» **Problem statement**:
Please transcribe, exactly, the line that contains "#149=ORIENTED_EDGE('',*,*,#148,.F.);" and every line after it to the end of the records, and nothing else.

⁂

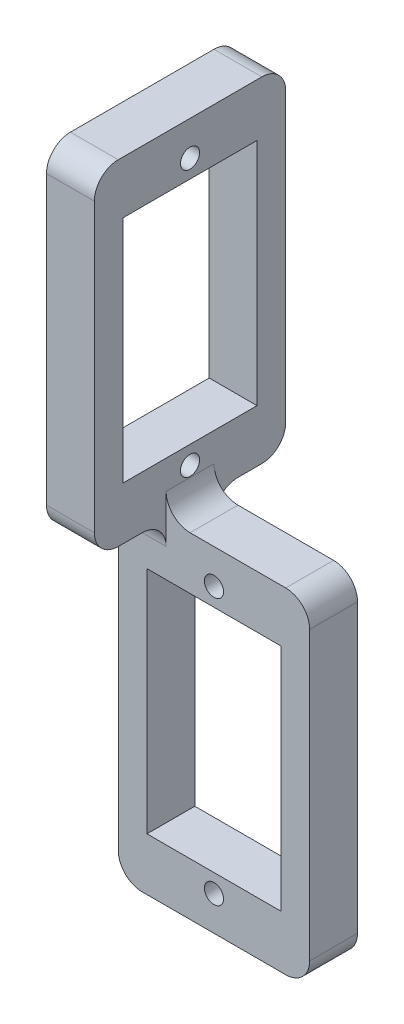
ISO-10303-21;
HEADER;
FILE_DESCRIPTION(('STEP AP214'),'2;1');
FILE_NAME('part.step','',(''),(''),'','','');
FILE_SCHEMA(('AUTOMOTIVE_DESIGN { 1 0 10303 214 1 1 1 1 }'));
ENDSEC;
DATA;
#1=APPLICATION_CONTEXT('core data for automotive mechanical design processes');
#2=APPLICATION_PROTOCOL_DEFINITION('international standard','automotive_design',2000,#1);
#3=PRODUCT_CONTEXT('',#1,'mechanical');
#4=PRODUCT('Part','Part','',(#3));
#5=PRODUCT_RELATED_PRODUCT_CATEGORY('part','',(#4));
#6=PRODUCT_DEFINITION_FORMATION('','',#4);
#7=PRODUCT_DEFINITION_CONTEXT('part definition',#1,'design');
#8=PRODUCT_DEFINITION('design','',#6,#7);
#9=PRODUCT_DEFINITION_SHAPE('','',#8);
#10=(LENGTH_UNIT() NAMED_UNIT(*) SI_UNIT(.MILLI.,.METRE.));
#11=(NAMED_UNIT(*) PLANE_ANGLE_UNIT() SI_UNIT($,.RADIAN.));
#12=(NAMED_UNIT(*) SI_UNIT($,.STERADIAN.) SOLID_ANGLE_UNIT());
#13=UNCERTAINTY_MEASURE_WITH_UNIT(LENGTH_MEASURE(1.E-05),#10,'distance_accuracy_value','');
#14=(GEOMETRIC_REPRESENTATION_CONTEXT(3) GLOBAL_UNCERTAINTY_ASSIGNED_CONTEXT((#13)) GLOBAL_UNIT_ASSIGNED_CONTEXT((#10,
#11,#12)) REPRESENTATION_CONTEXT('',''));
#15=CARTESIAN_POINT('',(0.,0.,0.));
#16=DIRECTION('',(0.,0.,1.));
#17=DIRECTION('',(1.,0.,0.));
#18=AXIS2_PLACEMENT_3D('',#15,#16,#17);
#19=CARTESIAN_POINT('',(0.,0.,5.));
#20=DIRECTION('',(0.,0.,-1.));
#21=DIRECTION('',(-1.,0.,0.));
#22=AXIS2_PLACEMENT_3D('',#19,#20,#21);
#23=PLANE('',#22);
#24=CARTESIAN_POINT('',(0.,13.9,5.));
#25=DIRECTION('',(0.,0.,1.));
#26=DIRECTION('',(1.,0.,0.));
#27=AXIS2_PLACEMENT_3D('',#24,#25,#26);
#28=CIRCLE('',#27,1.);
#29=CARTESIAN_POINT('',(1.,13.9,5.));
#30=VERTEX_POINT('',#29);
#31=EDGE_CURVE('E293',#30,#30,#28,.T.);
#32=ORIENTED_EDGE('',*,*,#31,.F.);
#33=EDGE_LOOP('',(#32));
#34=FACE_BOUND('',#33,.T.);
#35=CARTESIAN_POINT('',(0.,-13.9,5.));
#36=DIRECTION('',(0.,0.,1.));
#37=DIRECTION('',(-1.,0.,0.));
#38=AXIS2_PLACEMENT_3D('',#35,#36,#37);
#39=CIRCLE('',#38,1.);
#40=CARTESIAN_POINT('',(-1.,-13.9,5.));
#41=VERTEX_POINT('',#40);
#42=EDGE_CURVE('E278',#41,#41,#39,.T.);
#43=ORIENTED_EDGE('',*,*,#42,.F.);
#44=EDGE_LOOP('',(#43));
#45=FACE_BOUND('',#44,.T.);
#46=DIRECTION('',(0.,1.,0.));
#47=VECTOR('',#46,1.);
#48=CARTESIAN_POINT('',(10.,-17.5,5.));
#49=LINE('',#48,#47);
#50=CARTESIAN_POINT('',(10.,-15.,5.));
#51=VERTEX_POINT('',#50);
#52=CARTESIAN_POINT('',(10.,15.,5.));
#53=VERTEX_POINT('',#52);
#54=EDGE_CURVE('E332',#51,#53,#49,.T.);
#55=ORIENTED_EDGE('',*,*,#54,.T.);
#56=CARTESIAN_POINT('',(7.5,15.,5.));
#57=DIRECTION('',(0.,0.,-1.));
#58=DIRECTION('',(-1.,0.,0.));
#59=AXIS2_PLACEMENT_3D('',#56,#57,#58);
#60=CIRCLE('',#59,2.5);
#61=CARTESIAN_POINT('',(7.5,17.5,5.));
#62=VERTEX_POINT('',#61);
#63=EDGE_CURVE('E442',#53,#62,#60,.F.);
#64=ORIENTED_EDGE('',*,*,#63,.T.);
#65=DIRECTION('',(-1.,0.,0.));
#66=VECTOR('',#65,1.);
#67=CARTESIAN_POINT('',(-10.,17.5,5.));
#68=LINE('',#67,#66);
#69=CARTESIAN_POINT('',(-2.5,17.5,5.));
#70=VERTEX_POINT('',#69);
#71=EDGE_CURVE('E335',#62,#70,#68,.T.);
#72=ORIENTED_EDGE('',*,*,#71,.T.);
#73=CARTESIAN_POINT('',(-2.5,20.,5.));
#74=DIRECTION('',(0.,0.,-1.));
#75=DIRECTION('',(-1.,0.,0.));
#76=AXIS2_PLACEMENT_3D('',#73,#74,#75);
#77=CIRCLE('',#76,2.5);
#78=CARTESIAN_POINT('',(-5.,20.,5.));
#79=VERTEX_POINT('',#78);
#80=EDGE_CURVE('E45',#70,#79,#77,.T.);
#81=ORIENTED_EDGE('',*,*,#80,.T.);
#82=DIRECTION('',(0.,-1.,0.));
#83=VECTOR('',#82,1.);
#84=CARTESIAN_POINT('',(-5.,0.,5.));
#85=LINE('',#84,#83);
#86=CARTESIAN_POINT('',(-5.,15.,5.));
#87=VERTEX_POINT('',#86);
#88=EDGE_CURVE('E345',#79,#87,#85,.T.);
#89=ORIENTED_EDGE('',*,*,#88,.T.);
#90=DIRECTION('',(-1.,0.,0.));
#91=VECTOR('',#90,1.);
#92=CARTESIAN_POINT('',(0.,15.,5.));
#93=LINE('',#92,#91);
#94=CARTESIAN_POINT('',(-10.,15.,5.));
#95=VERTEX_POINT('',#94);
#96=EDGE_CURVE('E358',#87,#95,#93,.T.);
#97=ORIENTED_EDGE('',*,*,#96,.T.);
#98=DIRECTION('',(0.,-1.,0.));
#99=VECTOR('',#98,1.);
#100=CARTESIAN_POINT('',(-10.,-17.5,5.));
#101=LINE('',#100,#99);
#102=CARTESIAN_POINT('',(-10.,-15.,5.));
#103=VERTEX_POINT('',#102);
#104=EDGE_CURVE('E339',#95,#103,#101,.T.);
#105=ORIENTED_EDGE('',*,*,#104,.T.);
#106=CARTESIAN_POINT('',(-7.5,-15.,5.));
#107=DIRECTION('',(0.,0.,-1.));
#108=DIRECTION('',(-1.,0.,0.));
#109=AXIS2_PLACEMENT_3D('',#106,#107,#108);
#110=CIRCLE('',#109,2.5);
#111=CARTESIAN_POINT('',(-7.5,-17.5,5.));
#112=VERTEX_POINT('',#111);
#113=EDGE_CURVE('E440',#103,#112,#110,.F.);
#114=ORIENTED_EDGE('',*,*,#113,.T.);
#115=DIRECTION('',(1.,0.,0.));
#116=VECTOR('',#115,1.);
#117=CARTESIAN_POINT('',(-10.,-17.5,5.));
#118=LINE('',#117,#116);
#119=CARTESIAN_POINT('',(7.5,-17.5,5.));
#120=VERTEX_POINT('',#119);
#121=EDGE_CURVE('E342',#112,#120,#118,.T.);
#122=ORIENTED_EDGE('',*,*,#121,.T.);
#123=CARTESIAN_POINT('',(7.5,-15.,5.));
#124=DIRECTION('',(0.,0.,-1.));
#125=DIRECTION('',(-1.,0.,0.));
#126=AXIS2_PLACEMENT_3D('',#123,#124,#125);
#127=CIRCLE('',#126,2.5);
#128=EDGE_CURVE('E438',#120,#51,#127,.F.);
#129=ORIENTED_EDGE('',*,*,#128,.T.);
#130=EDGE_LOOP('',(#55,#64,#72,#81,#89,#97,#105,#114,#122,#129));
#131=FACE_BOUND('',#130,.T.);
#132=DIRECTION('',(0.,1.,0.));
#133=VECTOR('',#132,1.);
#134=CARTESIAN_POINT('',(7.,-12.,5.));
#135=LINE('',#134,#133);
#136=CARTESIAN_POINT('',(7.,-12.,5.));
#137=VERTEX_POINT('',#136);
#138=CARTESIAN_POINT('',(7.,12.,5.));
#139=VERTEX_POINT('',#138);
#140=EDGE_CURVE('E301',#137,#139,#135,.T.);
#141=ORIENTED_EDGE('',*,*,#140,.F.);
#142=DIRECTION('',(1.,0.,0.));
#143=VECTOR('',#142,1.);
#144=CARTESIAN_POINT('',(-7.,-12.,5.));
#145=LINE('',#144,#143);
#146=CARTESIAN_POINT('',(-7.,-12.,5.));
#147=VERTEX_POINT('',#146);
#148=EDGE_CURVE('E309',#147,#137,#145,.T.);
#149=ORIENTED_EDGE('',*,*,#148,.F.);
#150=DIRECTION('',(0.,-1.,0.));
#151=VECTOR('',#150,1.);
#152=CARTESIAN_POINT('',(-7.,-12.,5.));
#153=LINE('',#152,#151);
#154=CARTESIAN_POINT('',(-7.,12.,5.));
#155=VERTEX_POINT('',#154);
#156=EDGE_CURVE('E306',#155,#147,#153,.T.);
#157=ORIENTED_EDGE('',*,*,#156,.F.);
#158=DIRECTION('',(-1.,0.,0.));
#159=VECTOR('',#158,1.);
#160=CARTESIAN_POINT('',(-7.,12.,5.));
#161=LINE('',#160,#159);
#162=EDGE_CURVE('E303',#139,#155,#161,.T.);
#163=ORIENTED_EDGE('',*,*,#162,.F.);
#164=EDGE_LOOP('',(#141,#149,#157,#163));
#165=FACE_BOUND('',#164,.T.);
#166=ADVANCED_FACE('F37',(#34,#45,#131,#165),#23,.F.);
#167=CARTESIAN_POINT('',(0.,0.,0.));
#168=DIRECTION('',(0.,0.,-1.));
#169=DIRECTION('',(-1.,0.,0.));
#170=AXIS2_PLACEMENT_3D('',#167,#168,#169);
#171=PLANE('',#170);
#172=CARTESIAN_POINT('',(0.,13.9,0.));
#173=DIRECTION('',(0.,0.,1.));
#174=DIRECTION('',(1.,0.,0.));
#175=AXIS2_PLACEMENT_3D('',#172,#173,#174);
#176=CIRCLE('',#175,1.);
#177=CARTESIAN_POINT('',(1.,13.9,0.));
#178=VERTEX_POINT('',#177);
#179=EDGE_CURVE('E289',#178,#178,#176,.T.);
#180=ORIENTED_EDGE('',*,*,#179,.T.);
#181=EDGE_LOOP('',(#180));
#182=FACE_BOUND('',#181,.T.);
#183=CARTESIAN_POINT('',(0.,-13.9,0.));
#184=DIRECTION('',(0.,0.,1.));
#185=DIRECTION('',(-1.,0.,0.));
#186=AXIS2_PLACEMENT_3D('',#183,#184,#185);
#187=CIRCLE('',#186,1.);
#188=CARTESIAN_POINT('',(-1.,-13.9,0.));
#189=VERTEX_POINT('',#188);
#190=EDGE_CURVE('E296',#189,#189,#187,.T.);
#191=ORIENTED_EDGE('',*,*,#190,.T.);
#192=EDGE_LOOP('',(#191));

⁂

» **The completed task**:
#149=ORIENTED_EDGE('',*,*,#148,.F.);
#150=DIRECTION('',(0.,-1.,0.));
#151=VECTOR('',#150,1.);
#152=CARTESIAN_POINT('',(-7.,-12.,5.));
#153=LINE('',#152,#151);
#154=CARTESIAN_POINT('',(-7.,12.,5.));
#155=VERTEX_POINT('',#154);
#156=EDGE_CURVE('E306',#155,#147,#153,.T.);
#157=ORIENTED_EDGE('',*,*,#156,.F.);
#158=DIRECTION('',(-1.,0.,0.));
#159=VECTOR('',#158,1.);
#160=CARTESIAN_POINT('',(-7.,12.,5.));
#161=LINE('',#160,#159);
#162=EDGE_CURVE('E303',#139,#155,#161,.T.);
#163=ORIENTED_EDGE('',*,*,#162,.F.);
#164=EDGE_LOOP('',(#141,#149,#157,#163));
#165=FACE_BOUND('',#164,.T.);
#166=ADVANCED_FACE('F37',(#34,#45,#131,#165),#23,.F.);
#167=CARTESIAN_POINT('',(0.,0.,0.));
#168=DIRECTION('',(0.,0.,-1.));
#169=DIRECTION('',(-1.,0.,0.));
#170=AXIS2_PLACEMENT_3D('',#167,#168,#169);
#171=PLANE('',#170);
#172=CARTESIAN_POINT('',(0.,13.9,0.));
#173=DIRECTION('',(0.,0.,1.));
#174=DIRECTION('',(1.,0.,0.));
#175=AXIS2_PLACEMENT_3D('',#172,#173,#174);
#176=CIRCLE('',#175,1.);
#177=CARTESIAN_POINT('',(1.,13.9,0.));
#178=VERTEX_POINT('',#177);
#179=EDGE_CURVE('E289',#178,#178,#176,.T.);
#180=ORIENTED_EDGE('',*,*,#179,.T.);
#181=EDGE_LOOP('',(#180));
#182=FACE_BOUND('',#181,.T.);
#183=CARTESIAN_POINT('',(0.,-13.9,0.));
#184=DIRECTION('',(0.,0.,1.));
#185=DIRECTION('',(-1.,0.,0.));
#186=AXIS2_PLACEMENT_3D('',#183,#184,#185);
#187=CIRCLE('',#186,1.);
#188=CARTESIAN_POINT('',(-1.,-13.9,0.));
#189=VERTEX_POINT('',#188);
#190=EDGE_CURVE('E296',#189,#189,#187,.T.);
#191=ORIENTED_EDGE('',*,*,#190,.T.);
#192=EDGE_LOOP('',(#191));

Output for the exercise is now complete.